Without including the images, transcribe each record precisely as it appears below.

++++++++++++++++++++

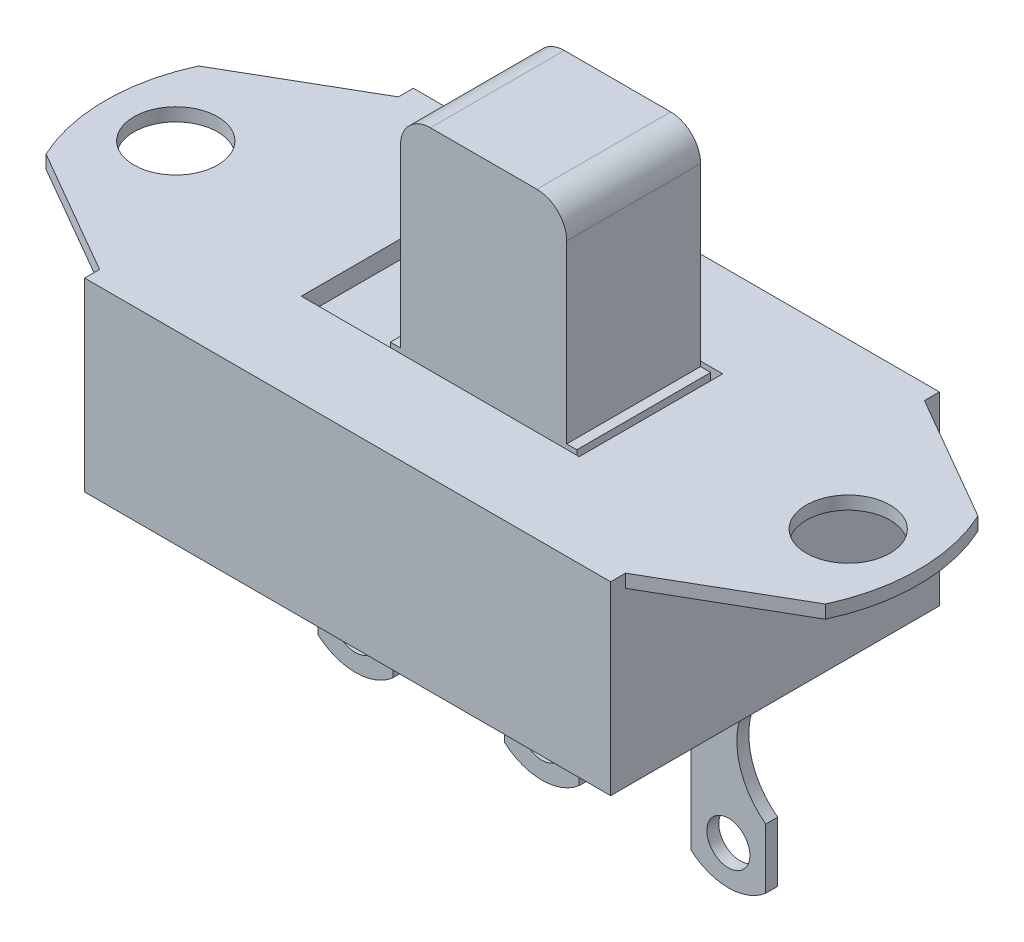
SolidWorks part; units mm, degrees
ref_plane "Front Plane" through (0, 0, 0) normal (0, 0, 1) x (1, 0, 0)
ref_plane "Top Plane" through (0, 0, 0) normal (0, 1, 0) x (1, 0, 0)
ref_plane "Right Plane" through (0, 0, 0) normal (1, 0, 0) x (0, 0, -1)
sketch "Sketch1" plane through (0, 0, 0) normal (0, 0, 1) x (1, 0, 0)
  line L1 (0, 0) -> (22.352, 0)
  line L2 (0, 0) -> (0, 7.874)
  line L3 (0, 7.874) -> (22.352, 7.874)
  line L4 (22.352, 0) -> (22.352, 7.874)
  dimension "D1" = 22.352
  dimension "D2" = 7.874
extrude "Extrude1" add sketch "Sketch1" along normal mid plane 13.97
sketch "Sketch2" plane through (0, 7.874, 0) normal (0, 1, 0) x (1, 0, 0)
  line L0 (0, 6.35) -> (-5.3848, 3.2411)
  line L1 (0, -6.985) -> (0, 6.985) construction
  line L2 (-6.096, 6.4274) -> (-6.096, -6.7131) construction
  line L3 (11.176, 6.985) -> (11.176, -6.985) construction
  line L4 (22.352, 6.985) -> (0, 6.985) construction
  line L5 (22.352, -6.985) -> (0, -6.985) construction
  line L6 (0, 0) -> (-8.6981, 0) construction
  line L7 (0, -6.35) -> (-5.3848, -3.2411)
  line L8 (0, 6.35) -> (0, -6.35)
  line L9 (22.352, 6.35) -> (22.352, -6.35)
  line L10 (22.352, -6.35) -> (27.7368, -3.2411)
  line L11 (22.352, 6.35) -> (27.7368, 3.2411)
  arc A0 (-5.3848, 3.2411) -> (-5.3848, -3.2411) centre (1.6447, 0) ccw
  arc A1 (27.7368, 3.2411) -> (27.7368, -3.2411) centre (20.7073, 0) cw
  dimension "D1" = 17.272
  dimension "D2" = 30
  dimension "D3" = 6.35
  dimension "D4" = 5.3848
extrude "Extrude2" add sketch "Sketch2" against normal blind 0.5588
sketch "Sketch3" plane through (0, 7.874, 0) normal (0, 1, 0) x (1, 0, 0)
  line L0 (11.176, 6.985) -> (11.176, -6.985) construction
  line L1 (22.352, 6.985) -> (0, 6.985) construction
  line L2 (22.352, -6.985) -> (0, -6.985) construction
  line L3 (0, 0) -> (23.8748, 0) construction
  line L5 (5.2705, 3.048) -> (17.0815, 3.048)
  line L6 (5.2705, 3.048) -> (5.2705, -3.048)
  line L7 (5.2705, -3.048) -> (17.0815, -3.048)
  line L8 (17.0815, 3.048) -> (17.0815, -3.048)
  dimension "D1" = 6.096
  dimension "D2" = 11.811
extrude "Extrude3" cut sketch "Sketch3" against normal blind 0.762
sketch "Sketch4" plane through (0, 7.112, 0) normal (0, 1, 0) x (1, 0, 0)
  line L0 (5.2705, 0) -> (17.0815, 0) construction
  line L1 (9.2837, 2.8448) -> (16.3449, 2.8448)
  line L2 (9.2837, 2.8448) -> (9.2837, -2.8448)
  line L3 (9.2837, -2.8448) -> (16.3449, -2.8448)
  line L4 (16.3449, 2.8448) -> (16.3449, -2.8448)
  line L5 (5.2705, 3.048) -> (5.2705, -3.048) construction
  line L6 (17.0815, -3.048) -> (17.0815, 3.048) construction
  dimension "D1" = 5.6896
  dimension "D2" = 7.0612
  dimension "D3" = 9.2837
extrude "Extrude4" add sketch "Sketch4" along normal blind 9.4996
sketch "Sketch7" plane through (0, 7.874, 0) normal (0, 1, 0) x (1, 0, 0)
  line L0 (12.8143, 2.8448) -> (12.8143, -2.8448) construction
  line L1 (8.8519, 2.8448) -> (16.7767, 2.8448)
  line L2 (8.8519, 2.8448) -> (8.8519, -2.8448)
  line L3 (8.8519, -2.8448) -> (16.7767, -2.8448)
  line L4 (16.7767, 2.8448) -> (16.7767, -2.8448)
  line L5 (16.3449, 2.8448) -> (9.2837, 2.8448) construction
  line L6 (9.2837, -2.8448) -> (16.3449, -2.8448) construction
  dimension "D1" = 7.9248
extrude "Extrude7" add sketch "Sketch7" against normal up to surface (0.762 mm away) up to face at (11.176, 7.112, 0)
fillet "Fillet2" radius 1.27 2 edges at (16.3449, 16.6116, 0) (9.2837, 16.6116, 0)
sketch "Sketch5" plane through (0, 7.874, 0) normal (0, 1, 0) x (1, 0, 0)
  line L0 (11.176, 6.985) -> (11.176, -6.985) construction
  line L1 (22.352, 6.985) -> (0, 6.985) construction
  line L2 (22.352, -6.985) -> (0, -6.985) construction
  circle A0 centre (-3.1115, 0) radius 1.778
  circle A1 centre (25.4635, 0) radius 1.778
  dimension "D2" = 3.556
  dimension "D1" = 28.575
extrude "Extrude5" cut sketch "Sketch5" against normal blind 9.4996
ref_plane "Plane1" through (0, 0, -1.27) normal (0, 0, 1) x (1, 0, 0)
sketch "Sketch6" plane through (0, 0, -1.27) normal (0, 0, 1) x (1, 0, 0)
  line L0 (11.176, 0) -> (11.176, -9.144) construction
  line L1 (0, 0) -> (22.352, 0) construction
  line L2 (12.7635, -6.0021) -> (12.7635, -8.5483)
  line L3 (9.5885, 0) -> (12.7635, 0)
  line L4 (9.5885, 0) -> (9.5885, -8.5483)
  line L6 (12.7635, 0) -> (12.7635, -1.1099)
  arc A0 (9.5885, -8.5483) -> (12.7635, -8.5483) centre (11.176, -6.731) ccw
  circle A1 centre (11.176, -7.493) radius 0.9144
  arc A2 (12.7635, -1.1099) -> (12.7635, -6.0021) centre (14.582, -3.556) ccw
  dimension "D4" = 1.8288
  dimension "D7" = 3.048
  dimension "D1" = 3.175
  dimension "D2" = 9.144
  dimension "D3" = 2.413
  dimension "D5" = 1.651
  dimension "D6" = 3.937
extrude "Extrude6" add sketch "Sketch6" against normal blind 0.508
pattern_linear "LPattern1" count 2 spacing 7.9248 along (1, 0, 0) of "Extrude6"
pattern_linear "LPattern2" count 2 spacing 7.9248 along (-1, 0, 0) of "Extrude6"
sketch "Sketch8" [suppressed] plane through (0, 7.874, 0) normal (0, 1, 0) x (1, 0, 0)
  line L0 (12.7635, 5.7156) -> (12.7635, -4.5769)
  line L1 (5.2705, 3.048) -> (5.2705, -3.048) construction
  dimension "D1" = 7.493
ref_plane "Plane2" [suppressed] through (12.7762, 0, 0) normal (1, 0, 0) x (0, 0, -1)

++++++++++++++++++++

### Written solution
SolidWorks part; units mm, degrees
ref_plane "Front Plane" through (0, 0, 0) normal (0, 0, 1) x (1, 0, 0)
ref_plane "Top Plane" through (0, 0, 0) normal (0, 1, 0) x (1, 0, 0)
ref_plane "Right Plane" through (0, 0, 0) normal (1, 0, 0) x (0, 0, -1)
sketch "Sketch1" plane through (0, 0, 0) normal (0, 0, 1) x (1, 0, 0)
  line L1 (0, 0) -> (22.352, 0)
  line L2 (0, 0) -> (0, 7.874)
  line L3 (0, 7.874) -> (22.352, 7.874)
  line L4 (22.352, 0) -> (22.352, 7.874)
  dimension "D1" = 22.352
  dimension "D2" = 7.874
extrude "Extrude1" add sketch "Sketch1" along normal mid plane 13.97
sketch "Sketch2" plane through (0, 7.874, 0) normal (0, 1, 0) x (1, 0, 0)
  line L0 (0, 6.35) -> (-5.3848, 3.2411)
  line L1 (0, -6.985) -> (0, 6.985) construction
  line L2 (-6.096, 6.4274) -> (-6.096, -6.7131) construction
  line L3 (11.176, 6.985) -> (11.176, -6.985) construction
  line L4 (22.352, 6.985) -> (0, 6.985) construction
  line L5 (22.352, -6.985) -> (0, -6.985) construction
  line L6 (0, 0) -> (-8.6981, 0) construction
  line L7 (0, -6.35) -> (-5.3848, -3.2411)
  line L8 (0, 6.35) -> (0, -6.35)
  line L9 (22.352, 6.35) -> (22.352, -6.35)
  line L10 (22.352, -6.35) -> (27.7368, -3.2411)
  line L11 (22.352, 6.35) -> (27.7368, 3.2411)
  arc A0 (-5.3848, 3.2411) -> (-5.3848, -3.2411) centre (1.6447, 0) ccw
  arc A1 (27.7368, 3.2411) -> (27.7368, -3.2411) centre (20.7073, 0) cw
  dimension "D1" = 17.272
  dimension "D2" = 30
  dimension "D3" = 6.35
  dimension "D4" = 5.3848
extrude "Extrude2" add sketch "Sketch2" against normal blind 0.5588
sketch "Sketch3" plane through (0, 7.874, 0) normal (0, 1, 0) x (1, 0, 0)
  line L0 (11.176, 6.985) -> (11.176, -6.985) construction
  line L1 (22.352, 6.985) -> (0, 6.985) construction
  line L2 (22.352, -6.985) -> (0, -6.985) construction
  line L3 (0, 0) -> (23.8748, 0) construction
  line L5 (5.2705, 3.048) -> (17.0815, 3.048)
  line L6 (5.2705, 3.048) -> (5.2705, -3.048)
  line L7 (5.2705, -3.048) -> (17.0815, -3.048)
  line L8 (17.0815, 3.048) -> (17.0815, -3.048)
  dimension "D1" = 6.096
  dimension "D2" = 11.811
extrude "Extrude3" cut sketch "Sketch3" against normal blind 0.762
sketch "Sketch4" plane through (0, 7.112, 0) normal (0, 1, 0) x (1, 0, 0)
  line L0 (5.2705, 0) -> (17.0815, 0) construction
  line L1 (9.2837, 2.8448) -> (16.3449, 2.8448)
  line L2 (9.2837, 2.8448) -> (9.2837, -2.8448)
  line L3 (9.2837, -2.8448) -> (16.3449, -2.8448)
  line L4 (16.3449, 2.8448) -> (16.3449, -2.8448)
  line L5 (5.2705, 3.048) -> (5.2705, -3.048) construction
  line L6 (17.0815, -3.048) -> (17.0815, 3.048) construction
  dimension "D1" = 5.6896
  dimension "D2" = 7.0612
  dimension "D3" = 9.2837
extrude "Extrude4" add sketch "Sketch4" along normal blind 9.4996
sketch "Sketch7" plane through (0, 7.874, 0) normal (0, 1, 0) x (1, 0, 0)
  line L0 (12.8143, 2.8448) -> (12.8143, -2.8448) construction
  line L1 (8.8519, 2.8448) -> (16.7767, 2.8448)
  line L2 (8.8519, 2.8448) -> (8.8519, -2.8448)
  line L3 (8.8519, -2.8448) -> (16.7767, -2.8448)
  line L4 (16.7767, 2.8448) -> (16.7767, -2.8448)
  line L5 (16.3449, 2.8448) -> (9.2837, 2.8448) construction
  line L6 (9.2837, -2.8448) -> (16.3449, -2.8448) construction
  dimension "D1" = 7.9248
extrude "Extrude7" add sketch "Sketch7" against normal up to surface (0.762 mm away) up to face at (11.176, 7.112, 0)
fillet "Fillet2" radius 1.27 2 edges at (16.3449, 16.6116, 0) (9.2837, 16.6116, 0)
sketch "Sketch5" plane through (0, 7.874, 0) normal (0, 1, 0) x (1, 0, 0)
  line L0 (11.176, 6.985) -> (11.176, -6.985) construction
  line L1 (22.352, 6.985) -> (0, 6.985) construction
  line L2 (22.352, -6.985) -> (0, -6.985) construction
  circle A0 centre (-3.1115, 0) radius 1.778
  circle A1 centre (25.4635, 0) radius 1.778
  dimension "D2" = 3.556
  dimension "D1" = 28.575
extrude "Extrude5" cut sketch "Sketch5" against normal blind 9.4996
ref_plane "Plane1" through (0, 0, -1.27) normal (0, 0, 1) x (1, 0, 0)
sketch "Sketch6" plane through (0, 0, -1.27) normal (0, 0, 1) x (1, 0, 0)
  line L0 (11.176, 0) -> (11.176, -9.144) construction
  line L1 (0, 0) -> (22.352, 0) construction
  line L2 (12.7635, -6.0021) -> (12.7635, -8.5483)
  line L3 (9.5885, 0) -> (12.7635, 0)
  line L4 (9.5885, 0) -> (9.5885, -8.5483)
  line L6 (12.7635, 0) -> (12.7635, -1.1099)
  arc A0 (9.5885, -8.5483) -> (12.7635, -8.5483) centre (11.176, -6.731) ccw
  circle A1 centre (11.176, -7.493) radius 0.9144
  arc A2 (12.7635, -1.1099) -> (12.7635, -6.0021) centre (14.582, -3.556) ccw
  dimension "D4" = 1.8288
  dimension "D7" = 3.048
  dimension "D1" = 3.175
  dimension "D2" = 9.144
  dimension "D3" = 2.413
  dimension "D5" = 1.651
  dimension "D6" = 3.937
extrude "Extrude6" add sketch "Sketch6" against normal blind 0.508
pattern_linear "LPattern1" count 2 spacing 7.9248 along (1, 0, 0) of "Extrude6"
pattern_linear "LPattern2" count 2 spacing 7.9248 along (-1, 0, 0) of "Extrude6"
sketch "Sketch8" [suppressed] plane through (0, 7.874, 0) normal (0, 1, 0) x (1, 0, 0)
  line L0 (12.7635, 5.7156) -> (12.7635, -4.5769)
  line L1 (5.2705, 3.048) -> (5.2705, -3.048) construction
  dimension "D1" = 7.493
ref_plane "Plane2" [suppressed] through (12.7762, 0, 0) normal (1, 0, 0) x (0, 0, -1)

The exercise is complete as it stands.